_GIVEN RECORDS_:
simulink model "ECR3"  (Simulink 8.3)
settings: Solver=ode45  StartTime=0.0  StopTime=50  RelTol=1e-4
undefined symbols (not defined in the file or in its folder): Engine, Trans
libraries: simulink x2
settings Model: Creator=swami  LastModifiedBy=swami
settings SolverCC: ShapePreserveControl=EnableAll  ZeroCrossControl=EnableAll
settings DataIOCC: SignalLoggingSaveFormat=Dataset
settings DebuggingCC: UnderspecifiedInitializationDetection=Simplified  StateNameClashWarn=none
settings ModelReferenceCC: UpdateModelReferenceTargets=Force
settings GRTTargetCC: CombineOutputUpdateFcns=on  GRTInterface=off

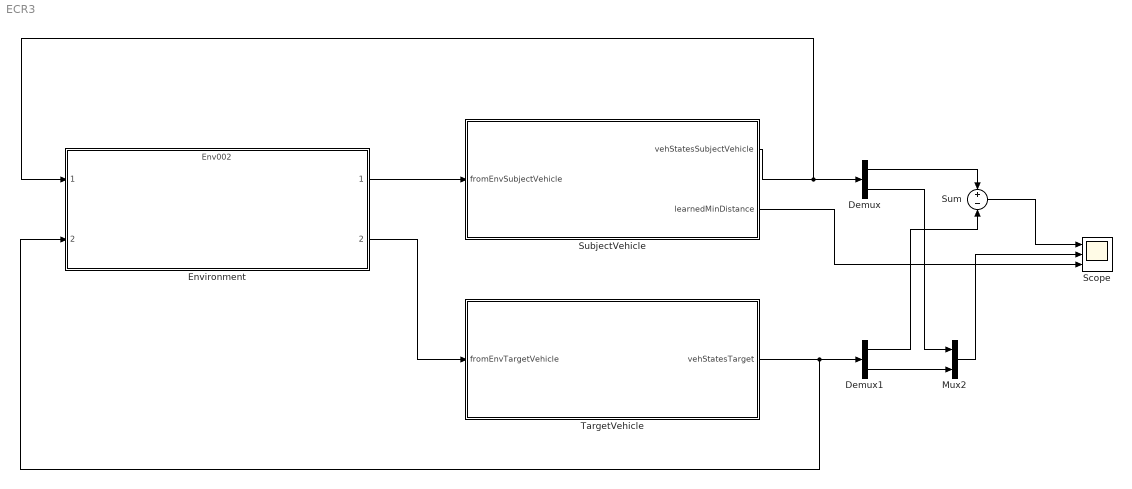
== system ECR3 ==
  Demux : Demux  Outputs=2
  Demux1 : Demux  Outputs=2
  Environment : ModelReference  ModelNameDialog=Env002.mdl  SimulationMode=Normal  Variant=on  OverrideUsingVariant=varObject1  ModelReferenceVersion=1.10  CopyOfModelName=Env002.mdl  DefaultDataLogging=on
      settings: AttributesFormatString=%<ActiveVariant>
  Mux2 : Mux  Inputs=2
  Scope : Scope  NumInputPorts=3
      settings: YMin=-5~-5~-5  YMax=5~5~5
  SubjectVehicle : Subsystem
  Sum : Sum  Inputs=+-
  TargetVehicle : Subsystem
  wires:
  Environment/1 -> SubjectVehicle/1(fromEnvSubjectVehicle)
  SubjectVehicle/1(vehStatesSubjectVehicle) -> Environment/1, Demux/1
  TargetVehicle/1(vehStatesTarget) -> Demux1/1, Environment/2
  Environment/2 -> TargetVehicle/1(fromEnvTargetVehicle)
  Demux/1 -> Sum/1
  Demux1/1 -> Sum/2
  Demux/2 -> Mux2/1
  Demux1/2 -> Mux2/2
  Mux2/1 -> Scope/2
  Sum/1 -> Scope/1
  SubjectVehicle/2(learnedMinDistance) -> Scope/3

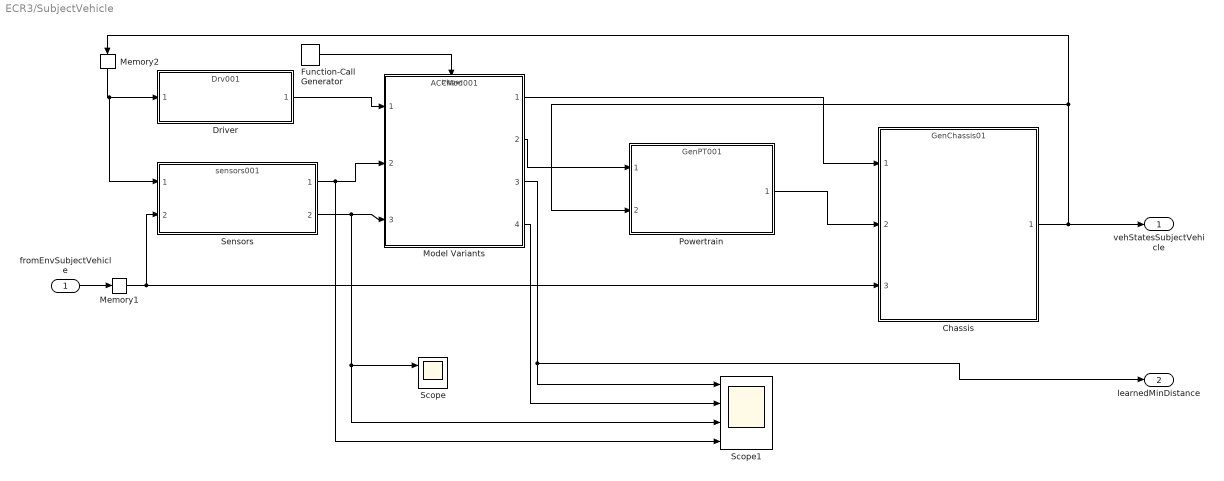
== system ECR3/SubjectVehicle ==
  fromEnvSubjectVehicle : Inport
  Chassis : ModelReference  ModelNameDialog=GenChassis01  ParameterArgumentNames=Chassis  ParameterArgumentValues=ChassisSubject  SimulationMode=Normal  Variant=on  ModelReferenceVersion=1.19  CopyOfModelName=GenChassis01  DefaultDataLogging=on
      settings: AttributesFormatString=%<ActiveVariant>
  Driver : ModelReference  ModelNameDialog=Drv001  ParameterArgumentNames=pDrv  ParameterArgumentValues=DrvSubject  SimulationMode=Normal  Variant=on  ModelReferenceVersion=1.20  CopyOfModelName=Drv001  DefaultDataLogging=on
      settings: AttributesFormatString=%<ActiveVariant>
  Function-Call Generator : simulink/Ports & Subsystems/Function-Call Generator  sample_time=0.1  numberOfIterations=1
  Memory1 : Memory
  Memory2 : Memory
  Model Variants : ModelReference  ModelNameDialog=ACCMod001.mdl  ParameterArgumentNames=pACC  ParameterArgumentValues=pACCMod  SimulationMode=Normal  Variant=on  OverrideUsingVariant=varObject1  ModelReferenceVersion=1.115  CopyOfModelName=ACCMod001.mdl  DefaultDataLogging=on  TriggerPortName=Trigger  TriggerPortTriggerType=function-call  TriggerPortStatesWhenEnabling=held
      settings: AttributesFormatString=%<ActiveVariant>
  Powertrain : ModelReference  ModelNameDialog=GenPT001  ParameterArgumentNames=Trans,Engine  ParameterArgumentValues=Trans,Engine  SimulationMode=Normal  Variant=on  ModelReferenceVersion=1.23  CopyOfModelName=GenPT001  DefaultDataLogging=on
      settings: AttributesFormatString=%<ActiveVariant>
  Scope : Scope  NumInputPorts=2
      settings: YMin=-5~-5  YMax=5~5
  Scope1 : Scope  NumInputPorts=4
      settings: TimeRange=50  YMin=-5~-5~-5~-5  YMax=5~5~5~5  SaveName=ScopeData2
  Sensors : ModelReference  ModelNameDialog=sensors001  SimulationMode=Normal  Variant=on  ModelReferenceVersion=1.18  CopyOfModelName=sensors001  DefaultDataLogging=on
      settings: AttributesFormatString=%<ActiveVariant>
  vehStatesSubjectVehicle : Outport
  learnedMinDistance : Outport  Port=2
  wires:
  Chassis/1 -> Powertrain/2, Memory2/1, vehStatesSubjectVehicle/1
  Model Variants/2 -> Powertrain/1
  Powertrain/1 -> Chassis/2
  Model Variants/1 -> Chassis/1
  Sensors/1 -> Model Variants/2, Scope1/4
  Sensors/2 -> Scope/1, Scope1/3, Model Variants/3
  Model Variants/3 -> learnedMinDistance/1, Scope1/1
  Model Variants/4 -> Scope1/2
  Driver/1 -> Model Variants/1
  Memory2/1 -> Sensors/1, Driver/1
  fromEnvSubjectVehicle/1 -> Memory1/1
  Memory1/1 -> Sensors/2, Chassis/3
  Function-Call Generator/1 -> Model Variants/Trigger

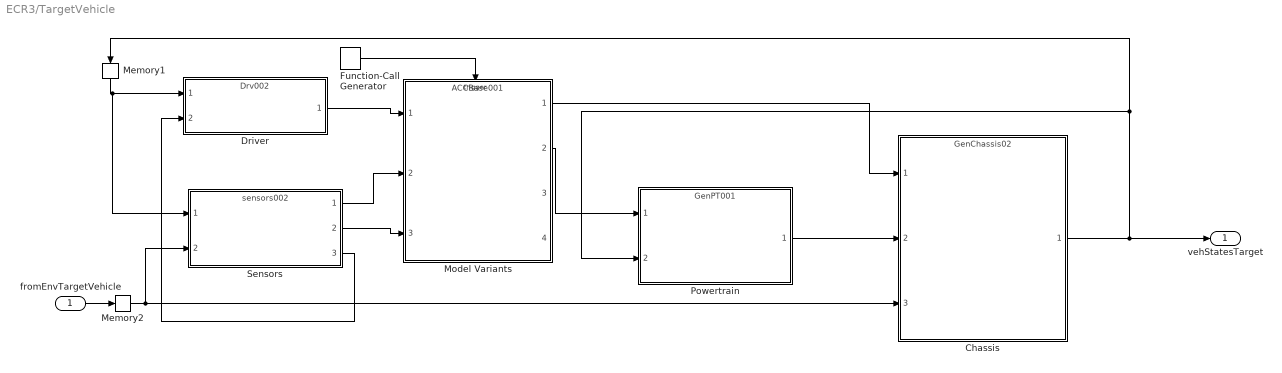
== system ECR3/TargetVehicle ==
  fromEnvTargetVehicle : Inport
  Chassis : ModelReference  ModelNameDialog=GenChassis02.mdl  ParameterArgumentNames=Chassis  ParameterArgumentValues=ChassisTarget  SimulationMode=Normal  Variant=on  OverrideUsingVariant=varObject1  ModelReferenceVersion=1.19  CopyOfModelName=GenChassis02.mdl  DefaultDataLogging=on
      settings: AttributesFormatString=%<ActiveVariant>
  Driver : ModelReference  ModelNameDialog=Drv002.mdl  ParameterArgumentNames=pDrv  ParameterArgumentValues=DrvTarget  SimulationMode=Normal  Variant=on  OverrideUsingVariant=varObject1  ModelReferenceVersion=1.48  CopyOfModelName=Drv002.mdl  DefaultDataLogging=on
      settings: AttributesFormatString=%<ActiveVariant>
  Function-Call Generator : simulink/Ports & Subsystems/Function-Call Generator  sample_time=0.1  numberOfIterations=1
  Memory1 : Memory
  Memory2 : Memory
  Model Variants : ModelReference  ModelNameDialog=ACCBase001  ParameterArgumentNames=pACC  ParameterArgumentValues=pACCBase  SimulationMode=Normal  Variant=on  ModelReferenceVersion=1.92  CopyOfModelName=ACCBase001  DefaultDataLogging=on  TriggerPortName=Trigger  TriggerPortTriggerType=function-call  TriggerPortStatesWhenEnabling=held
      settings: AttributesFormatString=%<ActiveVariant>
  Powertrain : ModelReference  ModelNameDialog=GenPT001  ParameterArgumentNames=Trans,Engine  ParameterArgumentValues=Trans,Engine  SimulationMode=Normal  Variant=on  ModelReferenceVersion=1.23  CopyOfModelName=GenPT001  DefaultDataLogging=on
      settings: AttributesFormatString=%<ActiveVariant>
  Sensors : ModelReference  ModelNameDialog=sensors002.mdl  SimulationMode=Normal  Variant=on  OverrideUsingVariant=varObject1  ModelReferenceVersion=1.19  CopyOfModelName=sensors002.mdl  DefaultDataLogging=on
      settings: AttributesFormatString=%<ActiveVariant>
  vehStatesTarget : Outport
  wires:
  Sensors/2 -> Model Variants/3
  Sensors/1 -> Model Variants/2
  Driver/1 -> Model Variants/1
  Model Variants/1 -> Chassis/1
  Powertrain/1 -> Chassis/2
  Model Variants/2 -> Powertrain/1
  fromEnvTargetVehicle/1 -> Memory2/1
  Chassis/1 -> vehStatesTarget/1, Memory1/1, Powertrain/2
  Sensors/3 -> Driver/2
  Memory1/1 -> Sensors/1, Driver/1
  Memory2/1 -> Sensors/2, Chassis/3
  Function-Call Generator/1 -> Model Variants/Trigger

_YOUR OBJECTIVE_:
An exact copy of all the records, free of pictures, is the expected answer.

_TASK SOLUTION_:
simulink model "ECR3"  (Simulink 8.3)
settings: Solver=ode45  StartTime=0.0  StopTime=50  RelTol=1e-4
undefined symbols (not defined in the file or in its folder): Engine, Trans
libraries: simulink x2
settings Model: Creator=swami  LastModifiedBy=swami
settings SolverCC: ShapePreserveControl=EnableAll  ZeroCrossControl=EnableAll
settings DataIOCC: SignalLoggingSaveFormat=Dataset
settings DebuggingCC: UnderspecifiedInitializationDetection=Simplified  StateNameClashWarn=none
settings ModelReferenceCC: UpdateModelReferenceTargets=Force
settings GRTTargetCC: CombineOutputUpdateFcns=on  GRTInterface=off

== system ECR3 ==
  Demux : Demux  Outputs=2
  Demux1 : Demux  Outputs=2
  Environment : ModelReference  ModelNameDialog=Env002.mdl  SimulationMode=Normal  Variant=on  OverrideUsingVariant=varObject1  ModelReferenceVersion=1.10  CopyOfModelName=Env002.mdl  DefaultDataLogging=on
      settings: AttributesFormatString=%<ActiveVariant>
  Mux2 : Mux  Inputs=2
  Scope : Scope  NumInputPorts=3
      settings: YMin=-5~-5~-5  YMax=5~5~5
  SubjectVehicle : Subsystem
  Sum : Sum  Inputs=+-
  TargetVehicle : Subsystem
  wires:
  Environment/1 -> SubjectVehicle/1(fromEnvSubjectVehicle)
  SubjectVehicle/1(vehStatesSubjectVehicle) -> Environment/1, Demux/1
  TargetVehicle/1(vehStatesTarget) -> Demux1/1, Environment/2
  Environment/2 -> TargetVehicle/1(fromEnvTargetVehicle)
  Demux/1 -> Sum/1
  Demux1/1 -> Sum/2
  Demux/2 -> Mux2/1
  Demux1/2 -> Mux2/2
  Mux2/1 -> Scope/2
  Sum/1 -> Scope/1
  SubjectVehicle/2(learnedMinDistance) -> Scope/3

== system ECR3/SubjectVehicle ==
  fromEnvSubjectVehicle : Inport
  Chassis : ModelReference  ModelNameDialog=GenChassis01  ParameterArgumentNames=Chassis  ParameterArgumentValues=ChassisSubject  SimulationMode=Normal  Variant=on  ModelReferenceVersion=1.19  CopyOfModelName=GenChassis01  DefaultDataLogging=on
      settings: AttributesFormatString=%<ActiveVariant>
  Driver : ModelReference  ModelNameDialog=Drv001  ParameterArgumentNames=pDrv  ParameterArgumentValues=DrvSubject  SimulationMode=Normal  Variant=on  ModelReferenceVersion=1.20  CopyOfModelName=Drv001  DefaultDataLogging=on
      settings: AttributesFormatString=%<ActiveVariant>
  Function-Call Generator : simulink/Ports & Subsystems/Function-Call Generator  sample_time=0.1  numberOfIterations=1
  Memory1 : Memory
  Memory2 : Memory
  Model Variants : ModelReference  ModelNameDialog=ACCMod001.mdl  ParameterArgumentNames=pACC  ParameterArgumentValues=pACCMod  SimulationMode=Normal  Variant=on  OverrideUsingVariant=varObject1  ModelReferenceVersion=1.115  CopyOfModelName=ACCMod001.mdl  DefaultDataLogging=on  TriggerPortName=Trigger  TriggerPortTriggerType=function-call  TriggerPortStatesWhenEnabling=held
      settings: AttributesFormatString=%<ActiveVariant>
  Powertrain : ModelReference  ModelNameDialog=GenPT001  ParameterArgumentNames=Trans,Engine  ParameterArgumentValues=Trans,Engine  SimulationMode=Normal  Variant=on  ModelReferenceVersion=1.23  CopyOfModelName=GenPT001  DefaultDataLogging=on
      settings: AttributesFormatString=%<ActiveVariant>
  Scope : Scope  NumInputPorts=2
      settings: YMin=-5~-5  YMax=5~5
  Scope1 : Scope  NumInputPorts=4
      settings: TimeRange=50  YMin=-5~-5~-5~-5  YMax=5~5~5~5  SaveName=ScopeData2
  Sensors : ModelReference  ModelNameDialog=sensors001  SimulationMode=Normal  Variant=on  ModelReferenceVersion=1.18  CopyOfModelName=sensors001  DefaultDataLogging=on
      settings: AttributesFormatString=%<ActiveVariant>
  vehStatesSubjectVehicle : Outport
  learnedMinDistance : Outport  Port=2
  wires:
  Chassis/1 -> Powertrain/2, Memory2/1, vehStatesSubjectVehicle/1
  Model Variants/2 -> Powertrain/1
  Powertrain/1 -> Chassis/2
  Model Variants/1 -> Chassis/1
  Sensors/1 -> Model Variants/2, Scope1/4
  Sensors/2 -> Scope/1, Scope1/3, Model Variants/3
  Model Variants/3 -> learnedMinDistance/1, Scope1/1
  Model Variants/4 -> Scope1/2
  Driver/1 -> Model Variants/1
  Memory2/1 -> Sensors/1, Driver/1
  fromEnvSubjectVehicle/1 -> Memory1/1
  Memory1/1 -> Sensors/2, Chassis/3
  Function-Call Generator/1 -> Model Variants/Trigger

== system ECR3/TargetVehicle ==
  fromEnvTargetVehicle : Inport
  Chassis : ModelReference  ModelNameDialog=GenChassis02.mdl  ParameterArgumentNames=Chassis  ParameterArgumentValues=ChassisTarget  SimulationMode=Normal  Variant=on  OverrideUsingVariant=varObject1  ModelReferenceVersion=1.19  CopyOfModelName=GenChassis02.mdl  DefaultDataLogging=on
      settings: AttributesFormatString=%<ActiveVariant>
  Driver : ModelReference  ModelNameDialog=Drv002.mdl  ParameterArgumentNames=pDrv  ParameterArgumentValues=DrvTarget  SimulationMode=Normal  Variant=on  OverrideUsingVariant=varObject1  ModelReferenceVersion=1.48  CopyOfModelName=Drv002.mdl  DefaultDataLogging=on
      settings: AttributesFormatString=%<ActiveVariant>
  Function-Call Generator : simulink/Ports & Subsystems/Function-Call Generator  sample_time=0.1  numberOfIterations=1
  Memory1 : Memory
  Memory2 : Memory
  Model Variants : ModelReference  ModelNameDialog=ACCBase001  ParameterArgumentNames=pACC  ParameterArgumentValues=pACCBase  SimulationMode=Normal  Variant=on  ModelReferenceVersion=1.92  CopyOfModelName=ACCBase001  DefaultDataLogging=on  TriggerPortName=Trigger  TriggerPortTriggerType=function-call  TriggerPortStatesWhenEnabling=held
      settings: AttributesFormatString=%<ActiveVariant>
  Powertrain : ModelReference  ModelNameDialog=GenPT001  ParameterArgumentNames=Trans,Engine  ParameterArgumentValues=Trans,Engine  SimulationMode=Normal  Variant=on  ModelReferenceVersion=1.23  CopyOfModelName=GenPT001  DefaultDataLogging=on
      settings: AttributesFormatString=%<ActiveVariant>
  Sensors : ModelReference  ModelNameDialog=sensors002.mdl  SimulationMode=Normal  Variant=on  OverrideUsingVariant=varObject1  ModelReferenceVersion=1.19  CopyOfModelName=sensors002.mdl  DefaultDataLogging=on
      settings: AttributesFormatString=%<ActiveVariant>
  vehStatesTarget : Outport
  wires:
  Sensors/2 -> Model Variants/3
  Sensors/1 -> Model Variants/2
  Driver/1 -> Model Variants/1
  Model Variants/1 -> Chassis/1
  Powertrain/1 -> Chassis/2
  Model Variants/2 -> Powertrain/1
  fromEnvTargetVehicle/1 -> Memory2/1
  Chassis/1 -> vehStatesTarget/1, Memory1/1, Powertrain/2
  Sensors/3 -> Driver/2
  Memory1/1 -> Sensors/1, Driver/1
  Memory2/1 -> Sensors/2, Chassis/3
  Function-Call Generator/1 -> Model Variants/Trigger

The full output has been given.